True for them alone, in those UTFs. Short of defining another Unicode encoding, there are two
answers that I can offer you:
1. Such characters are expected to be the minority of text, I suppose even in Math text, because
there are lots of other characters in such documents - punctuation, spaces, digits, regular text -
that are mostly on the BMP and thus shorter.
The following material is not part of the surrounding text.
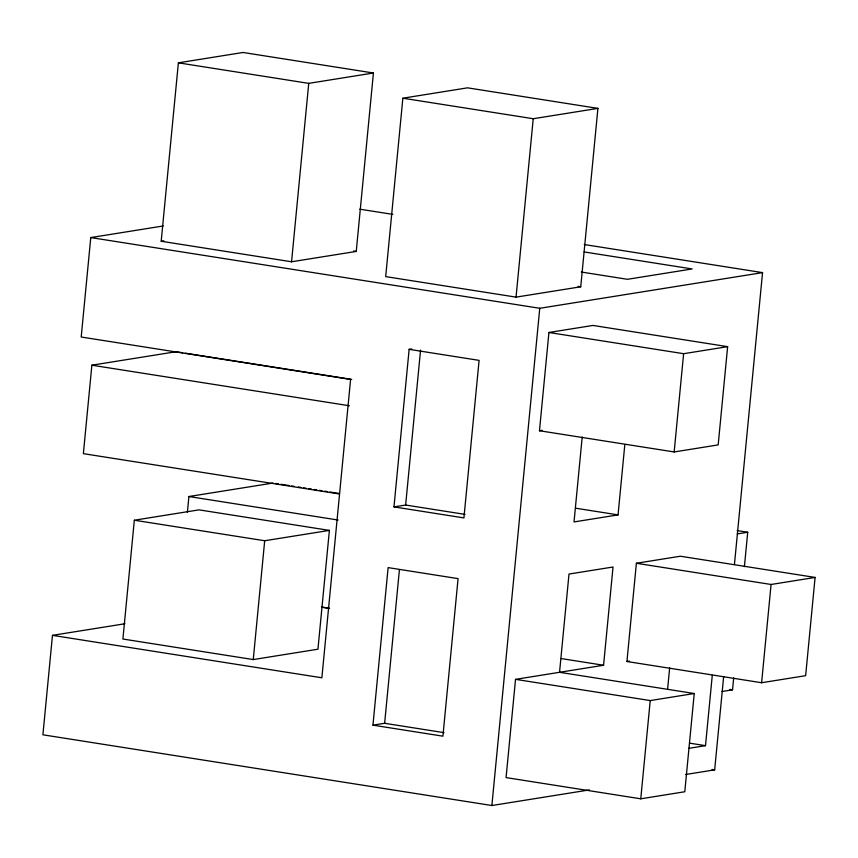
<?xml version="1.0" encoding="UTF-8"?>
<svg xmlns="http://www.w3.org/2000/svg" width="858" height="858" viewBox="0 0 858 858"><rect width="100%" height="100%" fill="white"/><g stroke="black" fill="none" stroke-linecap="round" stroke-linejoin="round"><path stroke-width="1.29" d="M124.978 623.745L52.477 635.349L42.9 734.802L491.881 805.523L589.435 789.907M163.288 225.965L90.776 237.569L81.199 337.012L350.59 379.451L321.868 677.788L52.477 635.349M182.679 352.756L176.072 351.716L91.881 365.197L83.365 453.657L339.543 494.004M134.331 520.216L122.898 639.028L253.26 659.566L317.943 649.206L329.386 530.394L199.024 509.856L134.331 520.216L264.693 540.744L329.386 530.394M161.197 241.248L178.378 62.827L243.061 52.477L373.423 73.005L356.242 251.426L291.559 261.776L161.197 241.248L163.835 240.819M187.387 512.365L188.91 496.525L273.112 483.043M253.26 659.566L264.693 540.744M291.559 261.776L308.741 83.365L373.423 73.005M402.863 98.198L385.692 276.608L516.044 297.136L580.737 286.786L597.919 108.376L467.556 87.838L402.863 98.198L533.226 118.726L597.919 108.376M372.951 725.16L388.127 567.61L458.075 578.624L442.91 736.185L372.951 725.16L384.631 723.294L444.026 732.646M409.137 349.345L479.096 360.371L463.921 517.921L393.972 506.896L409.137 349.345L411.733 348.938M384.631 723.294L399.42 569.712M393.972 506.896L405.641 505.03L420.559 350.128M516.044 297.136L533.226 118.726M491.881 805.523L539.757 308.29L762.548 272.619L734.437 564.564M515.529 679.343L506.07 777.595L640.765 798.809L684.781 791.762L694.24 693.521L559.545 672.297L569.004 574.056L613.03 567.009L603.571 665.25L515.529 679.343L650.225 700.568L694.24 693.521M539.467 430.737L548.927 332.486L592.953 325.439L727.638 346.653L718.178 444.905L674.163 451.951L539.467 430.737L542.052 430.319M582.207 436.958L574.023 521.932L618.05 514.886L624.828 444.519M626.93 661.507L636.389 563.266L680.405 556.22L815.1 577.434L805.641 675.675L761.614 682.732L626.93 661.507L629.515 661.1M640.765 798.809L650.225 700.568M674.163 451.951L683.622 353.7L727.638 346.653M667.621 688.985L669.669 667.739M688.674 748.358L705.501 745.656L712.279 675.3M685.671 774.495L714.671 769.851L723.659 676.533M722.061 691.484L732.539 689.811L733.687 677.895M744.401 566.677L747.715 532.25L737.151 530.587M761.614 682.732L771.074 584.48L815.1 577.434M737.226 533.933L747.715 532.25M178.378 62.827L308.741 83.365M359.792 209.18L392.803 214.382M584.277 244.541L762.548 272.619M584.159 251.941L692.127 268.951L627.445 279.3L581.359 272.04M353.614 251.008L356.242 251.426M578.099 286.368L580.737 286.786M90.776 237.569L539.757 308.29M548.927 332.486L683.622 353.7M185.317 353.164L351.705 379.375M91.881 365.197L349.388 405.759M575.793 508.226L618.05 514.886M275.75 483.462L278.389 483.88M281.027 484.287L288.953 485.542M291.591 485.96L294.24 486.368M298.198 487.001L300.836 487.408M303.485 487.827L306.124 488.245M308.762 488.663L311.4 489.081M314.049 489.489L316.688 489.907M319.326 490.326L321.964 490.744M324.614 491.151L327.252 491.57M329.89 491.988L339.135 493.447M405.641 505.03L465.047 514.392M636.389 563.266L771.074 584.48M188.91 496.525L338.138 520.034M321.482 606.96L329.408 608.215M321.696 607.239L329.611 608.494M561.314 658.59L603.571 665.25M729.901 689.392L732.539 689.811M689.66 743.167L705.501 745.656M712.033 769.433L714.671 769.851"/></g></svg>

So total Math documents with some MathText
supplementary characters will use, on average, fewer than 3B/code point in UTF-8/16.
2. If you want compression, use the existing SCSU (UTR #6) and BOCU-1 (UTN #6), or general-purpose
compressions like bzip2.
Note that this is only for text interchange - the majority of Unicode-aware software programs uses
UTF-16 internally.
Best regards,
markus
-- Opinions expressed here may not reflect my company's positions unless otherwise noted.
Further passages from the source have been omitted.